→ What the exercise asks:
Without including any images, reproduce each entry exactly.

→ Data records:
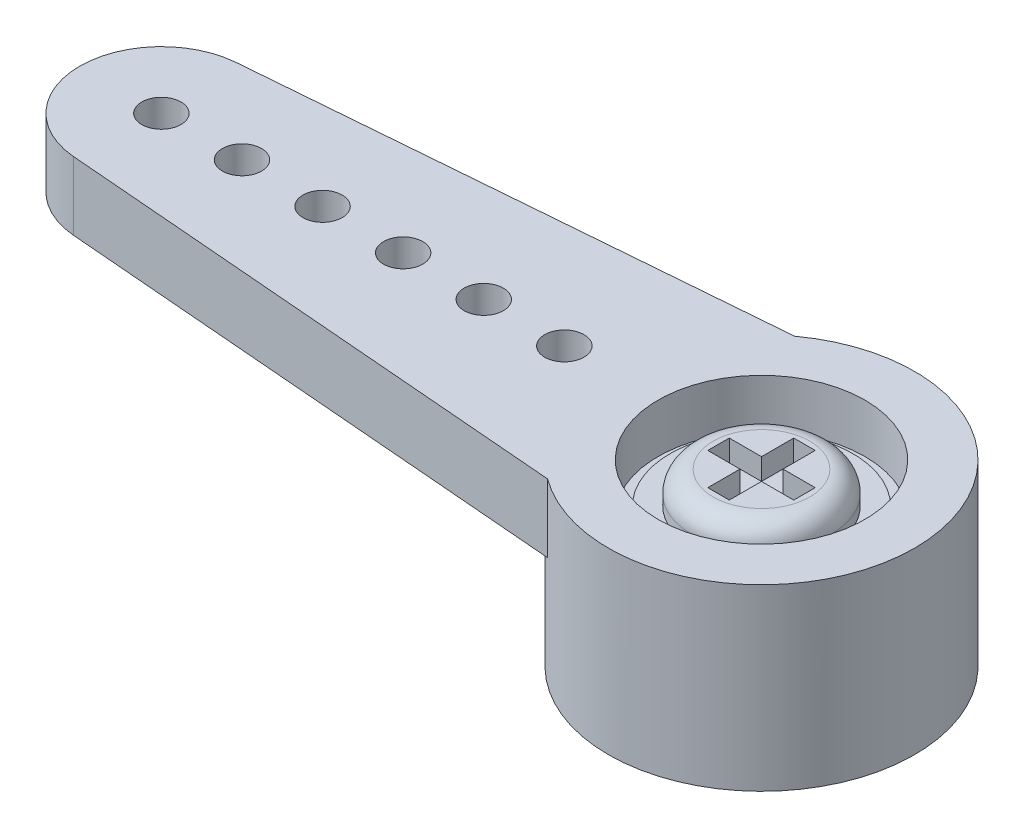
SolidWorks part; units mm, degrees
material "Nylon 101"
ref_plane "Front Plane" through (0, 0, 0) normal (0, 0, 1) x (1, 0, 0)
ref_plane "Top Plane" through (0, 0, 0) normal (0, 1, 0) x (1, 0, 0)
ref_plane "Right Plane" through (0, 0, 0) normal (1, 0, 0) x (0, 0, -1)
sketch "Sketch18" plane through (0, 0, 0) normal (0, 1, 0) x (1, 0, 0)
  line L0 (-16.1163, 0) -> (3.6195, 0) construction
  line L1 (-14.3431, 1.924) -> (-2.1374, 2.921)
  line L2 (-14.3431, -1.924) -> (-2.1374, -2.921)
  arc A0 (-2.1374, -2.921) -> (-2.1374, 2.921) centre (0, 0) ccw
  arc A1 (-14.3431, 1.924) -> (-14.3431, -1.924) centre (-14.1859, 0) ccw
  dimension "D1" = 1.9304
  dimension "D2" = 3.6195
  dimension "D3" = 19.7358
  dimension "D4" = 5.842
extrude "Extrude17" add sketch "Sketch18" along normal blind 1.6129
sketch "Sketch19" plane through (0, 1.6129, 0) normal (0, 1, 0) x (1, 0, 0)
  circle A0 centre (0, 0) radius 3.6195
  arc A1 (-2.1374, -2.921) -> (-2.1374, 2.921) centre (0, 0) ccw construction
extrude "Extrude19" add sketch "Sketch19" against normal blind 4.2291
sketch "Sketch20" plane through (0, 1.6129, 0) normal (0, 1, 0) x (1, 0, 0)
  line L0 (-14.1859, 0) -> (-12.2809, 0) construction
  line L1 (-12.2809, 0) -> (-10.3759, 0) construction
  line L2 (-10.3759, 0) -> (-8.4709, 0) construction
  line L3 (-8.4709, 0) -> (-6.5659, 0) construction
  line L4 (-6.5659, 0) -> (-4.6609, 0) construction
  line L5 (-4.6609, 0) -> (-2.7559, 0) construction
  line L6 (-2.7559, 0) -> (0, 0) construction
  circle A0 centre (-14.1859, 0) radius 0.4636
  circle A1 centre (0, 0) radius 1.27
  circle A3 centre (-4.6609, 0) radius 0.4636
  circle A4 centre (-6.5659, 0) radius 0.4636
  circle A5 centre (-8.4709, 0) radius 0.4636
  circle A6 centre (-10.3759, 0) radius 0.4636
  circle A7 centre (-12.2809, 0) radius 0.4636
  dimension "D1" = 0.9271
  dimension "D3" = 2.54
  dimension "D2" = 1.905
extrude "Extrude20" cut sketch "Sketch20" against normal through all
sketch "Sketch21" plane through (0, 1.6129, 0) normal (0, 1, 0) x (1, 0, 0)
  circle A0 centre (0, 0) radius 2.4447
  dimension "D1" = 4.8895
extrude "Extrude21" cut sketch "Sketch21" against normal blind 1.1557
sketch "Sketch22" plane through (0, -2.6162, 0) normal (0, -1, 0) x (1, 0, 0)
  circle A0 centre (0, 0) radius 2.286
  dimension "D1" = 4.572
extrude "Extrude22" cut sketch "Sketch22" against normal blind 2.3368
sketch "Sketch23" plane through (0, 0.4572, 0) normal (0, 1, 0) x (1, 0, 0)
  circle A0 centre (0, 0) radius 2.159
  dimension "D1" = 4.318
extrude "Extrude23" add sketch "Sketch23" along normal blind 0.2032 separate body
sketch "Sketch24" plane through (0, 0.6604, 0) normal (0, 1, 0) x (1, 0, 0)
  circle A0 centre (0, 0) radius 1.651
  dimension "D1" = 3.302
extrude "Extrude24" add sketch "Sketch24" along normal blind 0.762
sketch "Sketch25" plane through (0, 1.4224, 0) normal (0, 1, 0) x (1, 0, 0)
  line L0 (0, -1.651) -> (0, 1.651) construction
  line L1 (-1.651, 0) -> (1.651, 0) construction
  line L2 (0.254, -1.016) -> (-0.254, -1.016)
  line L3 (-0.254, -1.016) -> (-0.254, -0.254)
  line L4 (-0.254, -0.254) -> (-1.016, -0.254)
  line L5 (-1.016, -0.254) -> (-1.016, 0.254)
  line L6 (0.254, 1.016) -> (-0.254, 1.016)
  line L7 (-0.254, 1.016) -> (-0.254, 0.254)
  line L8 (-0.254, 0.254) -> (-1.016, 0.254)
  line L9 (0.254, 1.016) -> (0.254, 0.254)
  line L10 (0.254, -1.016) -> (0.254, -0.254)
  line L11 (0.254, -0.254) -> (1.016, -0.254)
  line L12 (1.016, -0.254) -> (1.016, 0.254)
  line L13 (0.254, 0.254) -> (1.016, 0.254)
  circle A0 centre (0, 0) radius 1.651 construction
  point P16 (-1.016, 0)
  point P17 (0, 1.016)
  point P19 (0, -1.016)
  dimension "D1" = 2.032
  dimension "D2" = 0.508
extrude "Extrude25" cut sketch "Sketch25" against normal blind 0.508
fillet "Fillet1" radius 0.508 1 edges at (0, 1.4224, 1.651)

→ Solution to this task:
SolidWorks part; units mm, degrees
material "Nylon 101"
ref_plane "Front Plane" through (0, 0, 0) normal (0, 0, 1) x (1, 0, 0)
ref_plane "Top Plane" through (0, 0, 0) normal (0, 1, 0) x (1, 0, 0)
ref_plane "Right Plane" through (0, 0, 0) normal (1, 0, 0) x (0, 0, -1)
sketch "Sketch18" plane through (0, 0, 0) normal (0, 1, 0) x (1, 0, 0)
  line L0 (-16.1163, 0) -> (3.6195, 0) construction
  line L1 (-14.3431, 1.924) -> (-2.1374, 2.921)
  line L2 (-14.3431, -1.924) -> (-2.1374, -2.921)
  arc A0 (-2.1374, -2.921) -> (-2.1374, 2.921) centre (0, 0) ccw
  arc A1 (-14.3431, 1.924) -> (-14.3431, -1.924) centre (-14.1859, 0) ccw
  dimension "D1" = 1.9304
  dimension "D2" = 3.6195
  dimension "D3" = 19.7358
  dimension "D4" = 5.842
extrude "Extrude17" add sketch "Sketch18" along normal blind 1.6129
sketch "Sketch19" plane through (0, 1.6129, 0) normal (0, 1, 0) x (1, 0, 0)
  circle A0 centre (0, 0) radius 3.6195
  arc A1 (-2.1374, -2.921) -> (-2.1374, 2.921) centre (0, 0) ccw construction
extrude "Extrude19" add sketch "Sketch19" against normal blind 4.2291
sketch "Sketch20" plane through (0, 1.6129, 0) normal (0, 1, 0) x (1, 0, 0)
  line L0 (-14.1859, 0) -> (-12.2809, 0) construction
  line L1 (-12.2809, 0) -> (-10.3759, 0) construction
  line L2 (-10.3759, 0) -> (-8.4709, 0) construction
  line L3 (-8.4709, 0) -> (-6.5659, 0) construction
  line L4 (-6.5659, 0) -> (-4.6609, 0) construction
  line L5 (-4.6609, 0) -> (-2.7559, 0) construction
  line L6 (-2.7559, 0) -> (0, 0) construction
  circle A0 centre (-14.1859, 0) radius 0.4636
  circle A1 centre (0, 0) radius 1.27
  circle A3 centre (-4.6609, 0) radius 0.4636
  circle A4 centre (-6.5659, 0) radius 0.4636
  circle A5 centre (-8.4709, 0) radius 0.4636
  circle A6 centre (-10.3759, 0) radius 0.4636
  circle A7 centre (-12.2809, 0) radius 0.4636
  dimension "D1" = 0.9271
  dimension "D3" = 2.54
  dimension "D2" = 1.905
extrude "Extrude20" cut sketch "Sketch20" against normal through all
sketch "Sketch21" plane through (0, 1.6129, 0) normal (0, 1, 0) x (1, 0, 0)
  circle A0 centre (0, 0) radius 2.4447
  dimension "D1" = 4.8895
extrude "Extrude21" cut sketch "Sketch21" against normal blind 1.1557
sketch "Sketch22" plane through (0, -2.6162, 0) normal (0, -1, 0) x (1, 0, 0)
  circle A0 centre (0, 0) radius 2.286
  dimension "D1" = 4.572
extrude "Extrude22" cut sketch "Sketch22" against normal blind 2.3368
sketch "Sketch23" plane through (0, 0.4572, 0) normal (0, 1, 0) x (1, 0, 0)
  circle A0 centre (0, 0) radius 2.159
  dimension "D1" = 4.318
extrude "Extrude23" add sketch "Sketch23" along normal blind 0.2032 separate body
sketch "Sketch24" plane through (0, 0.6604, 0) normal (0, 1, 0) x (1, 0, 0)
  circle A0 centre (0, 0) radius 1.651
  dimension "D1" = 3.302
extrude "Extrude24" add sketch "Sketch24" along normal blind 0.762
sketch "Sketch25" plane through (0, 1.4224, 0) normal (0, 1, 0) x (1, 0, 0)
  line L0 (0, -1.651) -> (0, 1.651) construction
  line L1 (-1.651, 0) -> (1.651, 0) construction
  line L2 (0.254, -1.016) -> (-0.254, -1.016)
  line L3 (-0.254, -1.016) -> (-0.254, -0.254)
  line L4 (-0.254, -0.254) -> (-1.016, -0.254)
  line L5 (-1.016, -0.254) -> (-1.016, 0.254)
  line L6 (0.254, 1.016) -> (-0.254, 1.016)
  line L7 (-0.254, 1.016) -> (-0.254, 0.254)
  line L8 (-0.254, 0.254) -> (-1.016, 0.254)
  line L9 (0.254, 1.016) -> (0.254, 0.254)
  line L10 (0.254, -1.016) -> (0.254, -0.254)
  line L11 (0.254, -0.254) -> (1.016, -0.254)
  line L12 (1.016, -0.254) -> (1.016, 0.254)
  line L13 (0.254, 0.254) -> (1.016, 0.254)
  circle A0 centre (0, 0) radius 1.651 construction
  point P16 (-1.016, 0)
  point P17 (0, 1.016)
  point P19 (0, -1.016)
  dimension "D1" = 2.032
  dimension "D2" = 0.508
extrude "Extrude25" cut sketch "Sketch25" against normal blind 0.508
fillet "Fillet1" radius 0.508 1 edges at (0, 1.4224, 1.651)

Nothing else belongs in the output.